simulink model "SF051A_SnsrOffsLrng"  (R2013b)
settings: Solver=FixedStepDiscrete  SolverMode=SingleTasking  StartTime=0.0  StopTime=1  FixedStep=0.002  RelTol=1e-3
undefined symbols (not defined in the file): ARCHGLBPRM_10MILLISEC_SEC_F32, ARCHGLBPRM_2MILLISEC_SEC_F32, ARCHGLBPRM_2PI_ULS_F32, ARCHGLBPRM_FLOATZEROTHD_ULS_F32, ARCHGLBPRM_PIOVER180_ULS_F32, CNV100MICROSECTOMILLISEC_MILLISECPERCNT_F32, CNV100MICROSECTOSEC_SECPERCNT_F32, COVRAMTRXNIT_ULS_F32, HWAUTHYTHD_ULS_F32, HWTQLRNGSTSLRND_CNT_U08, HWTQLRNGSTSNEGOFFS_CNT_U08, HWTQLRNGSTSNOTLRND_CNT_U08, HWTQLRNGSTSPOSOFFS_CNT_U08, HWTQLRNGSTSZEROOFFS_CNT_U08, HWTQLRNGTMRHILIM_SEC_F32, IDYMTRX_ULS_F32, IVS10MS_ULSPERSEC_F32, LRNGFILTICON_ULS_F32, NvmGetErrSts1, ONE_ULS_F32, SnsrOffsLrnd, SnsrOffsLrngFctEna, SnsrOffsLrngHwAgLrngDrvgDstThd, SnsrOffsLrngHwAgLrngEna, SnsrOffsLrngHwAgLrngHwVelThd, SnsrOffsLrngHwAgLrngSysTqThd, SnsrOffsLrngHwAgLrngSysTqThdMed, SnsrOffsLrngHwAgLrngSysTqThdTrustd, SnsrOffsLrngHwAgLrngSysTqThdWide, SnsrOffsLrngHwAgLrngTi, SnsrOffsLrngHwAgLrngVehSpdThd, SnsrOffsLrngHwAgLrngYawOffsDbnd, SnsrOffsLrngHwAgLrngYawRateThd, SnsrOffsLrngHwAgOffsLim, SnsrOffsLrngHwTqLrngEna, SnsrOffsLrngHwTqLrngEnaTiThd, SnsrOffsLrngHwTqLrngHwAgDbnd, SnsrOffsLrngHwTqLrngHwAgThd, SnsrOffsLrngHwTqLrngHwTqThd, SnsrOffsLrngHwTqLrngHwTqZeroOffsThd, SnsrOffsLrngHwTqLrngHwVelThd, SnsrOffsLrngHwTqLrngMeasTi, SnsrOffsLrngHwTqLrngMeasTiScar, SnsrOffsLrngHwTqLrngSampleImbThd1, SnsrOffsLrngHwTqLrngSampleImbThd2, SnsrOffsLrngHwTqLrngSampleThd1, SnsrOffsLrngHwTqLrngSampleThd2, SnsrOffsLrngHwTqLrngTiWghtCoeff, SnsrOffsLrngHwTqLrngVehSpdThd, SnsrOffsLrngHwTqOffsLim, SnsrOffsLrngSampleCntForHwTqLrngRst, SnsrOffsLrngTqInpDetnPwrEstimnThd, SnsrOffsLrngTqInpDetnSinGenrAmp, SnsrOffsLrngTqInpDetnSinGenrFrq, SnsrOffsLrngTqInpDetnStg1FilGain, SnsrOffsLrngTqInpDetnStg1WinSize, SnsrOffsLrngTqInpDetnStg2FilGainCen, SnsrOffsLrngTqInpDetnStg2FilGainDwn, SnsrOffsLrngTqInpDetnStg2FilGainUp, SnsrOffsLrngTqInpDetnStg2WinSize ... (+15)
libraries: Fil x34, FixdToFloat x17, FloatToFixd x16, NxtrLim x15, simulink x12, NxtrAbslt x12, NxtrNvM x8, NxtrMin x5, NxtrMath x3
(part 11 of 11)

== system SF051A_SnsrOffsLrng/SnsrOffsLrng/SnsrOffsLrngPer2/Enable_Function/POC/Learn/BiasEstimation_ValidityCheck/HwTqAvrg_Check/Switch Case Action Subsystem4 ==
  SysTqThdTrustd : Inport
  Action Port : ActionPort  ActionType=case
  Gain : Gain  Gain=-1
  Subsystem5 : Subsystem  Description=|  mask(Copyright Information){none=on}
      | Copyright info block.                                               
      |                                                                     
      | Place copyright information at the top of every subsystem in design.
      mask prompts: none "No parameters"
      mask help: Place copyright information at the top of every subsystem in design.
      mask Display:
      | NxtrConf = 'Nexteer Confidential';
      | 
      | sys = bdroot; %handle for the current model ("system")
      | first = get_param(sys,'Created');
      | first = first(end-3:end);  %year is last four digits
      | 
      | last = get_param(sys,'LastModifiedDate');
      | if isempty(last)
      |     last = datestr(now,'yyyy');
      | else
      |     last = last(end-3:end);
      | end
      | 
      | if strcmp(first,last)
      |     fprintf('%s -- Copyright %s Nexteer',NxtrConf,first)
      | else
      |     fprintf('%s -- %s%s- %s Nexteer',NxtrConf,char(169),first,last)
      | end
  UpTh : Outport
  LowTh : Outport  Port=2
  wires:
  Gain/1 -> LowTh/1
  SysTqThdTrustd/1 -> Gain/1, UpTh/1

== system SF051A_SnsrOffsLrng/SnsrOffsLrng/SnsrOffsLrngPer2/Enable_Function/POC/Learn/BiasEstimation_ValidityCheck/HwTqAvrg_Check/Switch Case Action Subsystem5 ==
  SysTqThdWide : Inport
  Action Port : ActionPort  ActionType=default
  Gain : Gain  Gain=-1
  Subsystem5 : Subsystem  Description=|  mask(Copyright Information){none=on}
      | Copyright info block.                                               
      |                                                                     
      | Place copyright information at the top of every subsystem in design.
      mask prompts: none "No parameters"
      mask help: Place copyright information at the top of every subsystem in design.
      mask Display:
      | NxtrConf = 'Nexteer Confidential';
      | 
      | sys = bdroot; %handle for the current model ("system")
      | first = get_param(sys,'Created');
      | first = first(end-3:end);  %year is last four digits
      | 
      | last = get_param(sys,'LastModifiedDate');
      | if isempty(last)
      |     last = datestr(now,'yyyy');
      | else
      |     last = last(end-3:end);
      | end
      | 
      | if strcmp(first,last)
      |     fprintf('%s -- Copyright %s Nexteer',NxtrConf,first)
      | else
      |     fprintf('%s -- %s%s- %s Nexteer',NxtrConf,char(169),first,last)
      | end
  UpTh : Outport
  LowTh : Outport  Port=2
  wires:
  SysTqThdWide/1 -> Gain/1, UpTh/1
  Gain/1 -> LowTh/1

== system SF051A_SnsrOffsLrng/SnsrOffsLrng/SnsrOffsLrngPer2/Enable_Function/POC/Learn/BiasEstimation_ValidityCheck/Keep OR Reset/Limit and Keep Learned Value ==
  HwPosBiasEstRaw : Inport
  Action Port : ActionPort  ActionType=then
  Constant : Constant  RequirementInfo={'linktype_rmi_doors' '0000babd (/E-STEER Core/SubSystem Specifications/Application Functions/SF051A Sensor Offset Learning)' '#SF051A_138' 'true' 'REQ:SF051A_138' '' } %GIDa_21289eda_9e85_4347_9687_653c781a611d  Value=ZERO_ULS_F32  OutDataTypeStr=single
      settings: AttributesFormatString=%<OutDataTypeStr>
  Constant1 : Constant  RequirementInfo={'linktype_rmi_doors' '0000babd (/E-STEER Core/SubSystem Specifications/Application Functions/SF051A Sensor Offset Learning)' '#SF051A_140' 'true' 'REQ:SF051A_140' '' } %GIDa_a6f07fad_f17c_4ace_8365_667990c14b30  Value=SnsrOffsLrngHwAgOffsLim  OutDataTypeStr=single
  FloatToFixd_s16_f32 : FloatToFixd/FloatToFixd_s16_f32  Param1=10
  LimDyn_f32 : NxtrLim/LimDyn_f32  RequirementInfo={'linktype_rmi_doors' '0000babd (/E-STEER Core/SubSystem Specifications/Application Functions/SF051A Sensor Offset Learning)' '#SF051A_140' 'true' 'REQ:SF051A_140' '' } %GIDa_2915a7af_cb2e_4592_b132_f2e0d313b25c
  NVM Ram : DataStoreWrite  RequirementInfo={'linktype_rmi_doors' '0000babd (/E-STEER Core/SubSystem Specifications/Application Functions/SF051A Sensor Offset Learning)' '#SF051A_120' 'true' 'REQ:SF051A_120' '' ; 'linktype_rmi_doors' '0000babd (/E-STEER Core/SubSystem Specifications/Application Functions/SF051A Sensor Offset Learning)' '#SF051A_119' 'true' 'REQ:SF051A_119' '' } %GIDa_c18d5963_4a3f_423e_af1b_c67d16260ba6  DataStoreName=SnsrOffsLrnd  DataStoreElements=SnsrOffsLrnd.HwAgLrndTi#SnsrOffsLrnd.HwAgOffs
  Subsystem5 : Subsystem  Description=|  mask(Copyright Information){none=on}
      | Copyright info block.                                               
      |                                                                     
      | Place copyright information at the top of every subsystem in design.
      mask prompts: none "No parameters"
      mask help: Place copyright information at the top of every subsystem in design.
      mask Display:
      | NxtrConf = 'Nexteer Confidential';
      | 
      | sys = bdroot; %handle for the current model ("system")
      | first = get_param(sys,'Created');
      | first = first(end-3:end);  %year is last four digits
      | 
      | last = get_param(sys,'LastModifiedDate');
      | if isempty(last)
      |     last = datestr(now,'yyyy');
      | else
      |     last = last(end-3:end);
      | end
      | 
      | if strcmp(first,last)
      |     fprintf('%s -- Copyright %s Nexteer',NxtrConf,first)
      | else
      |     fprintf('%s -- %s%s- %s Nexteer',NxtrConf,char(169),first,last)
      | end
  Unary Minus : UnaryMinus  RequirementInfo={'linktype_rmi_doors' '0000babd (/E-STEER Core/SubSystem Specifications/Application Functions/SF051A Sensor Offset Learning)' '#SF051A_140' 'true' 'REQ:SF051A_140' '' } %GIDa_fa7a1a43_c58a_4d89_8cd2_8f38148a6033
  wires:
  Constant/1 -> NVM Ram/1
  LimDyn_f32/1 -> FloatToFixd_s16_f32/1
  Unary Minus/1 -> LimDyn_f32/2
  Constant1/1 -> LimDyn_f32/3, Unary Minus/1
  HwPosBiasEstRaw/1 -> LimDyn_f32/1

────────────────

◆ What you have to do
Set down, word for word, each line from the top of the records above through the line with "(part 11 of 11)".

◆ Solution to the exercise
simulink model "SF051A_SnsrOffsLrng"  (R2013b)
settings: Solver=FixedStepDiscrete  SolverMode=SingleTasking  StartTime=0.0  StopTime=1  FixedStep=0.002  RelTol=1e-3
undefined symbols (not defined in the file): ARCHGLBPRM_10MILLISEC_SEC_F32, ARCHGLBPRM_2MILLISEC_SEC_F32, ARCHGLBPRM_2PI_ULS_F32, ARCHGLBPRM_FLOATZEROTHD_ULS_F32, ARCHGLBPRM_PIOVER180_ULS_F32, CNV100MICROSECTOMILLISEC_MILLISECPERCNT_F32, CNV100MICROSECTOSEC_SECPERCNT_F32, COVRAMTRXNIT_ULS_F32, HWAUTHYTHD_ULS_F32, HWTQLRNGSTSLRND_CNT_U08, HWTQLRNGSTSNEGOFFS_CNT_U08, HWTQLRNGSTSNOTLRND_CNT_U08, HWTQLRNGSTSPOSOFFS_CNT_U08, HWTQLRNGSTSZEROOFFS_CNT_U08, HWTQLRNGTMRHILIM_SEC_F32, IDYMTRX_ULS_F32, IVS10MS_ULSPERSEC_F32, LRNGFILTICON_ULS_F32, NvmGetErrSts1, ONE_ULS_F32, SnsrOffsLrnd, SnsrOffsLrngFctEna, SnsrOffsLrngHwAgLrngDrvgDstThd, SnsrOffsLrngHwAgLrngEna, SnsrOffsLrngHwAgLrngHwVelThd, SnsrOffsLrngHwAgLrngSysTqThd, SnsrOffsLrngHwAgLrngSysTqThdMed, SnsrOffsLrngHwAgLrngSysTqThdTrustd, SnsrOffsLrngHwAgLrngSysTqThdWide, SnsrOffsLrngHwAgLrngTi, SnsrOffsLrngHwAgLrngVehSpdThd, SnsrOffsLrngHwAgLrngYawOffsDbnd, SnsrOffsLrngHwAgLrngYawRateThd, SnsrOffsLrngHwAgOffsLim, SnsrOffsLrngHwTqLrngEna, SnsrOffsLrngHwTqLrngEnaTiThd, SnsrOffsLrngHwTqLrngHwAgDbnd, SnsrOffsLrngHwTqLrngHwAgThd, SnsrOffsLrngHwTqLrngHwTqThd, SnsrOffsLrngHwTqLrngHwTqZeroOffsThd, SnsrOffsLrngHwTqLrngHwVelThd, SnsrOffsLrngHwTqLrngMeasTi, SnsrOffsLrngHwTqLrngMeasTiScar, SnsrOffsLrngHwTqLrngSampleImbThd1, SnsrOffsLrngHwTqLrngSampleImbThd2, SnsrOffsLrngHwTqLrngSampleThd1, SnsrOffsLrngHwTqLrngSampleThd2, SnsrOffsLrngHwTqLrngTiWghtCoeff, SnsrOffsLrngHwTqLrngVehSpdThd, SnsrOffsLrngHwTqOffsLim, SnsrOffsLrngSampleCntForHwTqLrngRst, SnsrOffsLrngTqInpDetnPwrEstimnThd, SnsrOffsLrngTqInpDetnSinGenrAmp, SnsrOffsLrngTqInpDetnSinGenrFrq, SnsrOffsLrngTqInpDetnStg1FilGain, SnsrOffsLrngTqInpDetnStg1WinSize, SnsrOffsLrngTqInpDetnStg2FilGainCen, SnsrOffsLrngTqInpDetnStg2FilGainDwn, SnsrOffsLrngTqInpDetnStg2FilGainUp, SnsrOffsLrngTqInpDetnStg2WinSize ... (+15)
libraries: Fil x34, FixdToFloat x17, FloatToFixd x16, NxtrLim x15, simulink x12, NxtrAbslt x12, NxtrNvM x8, NxtrMin x5, NxtrMath x3
(part 11 of 11)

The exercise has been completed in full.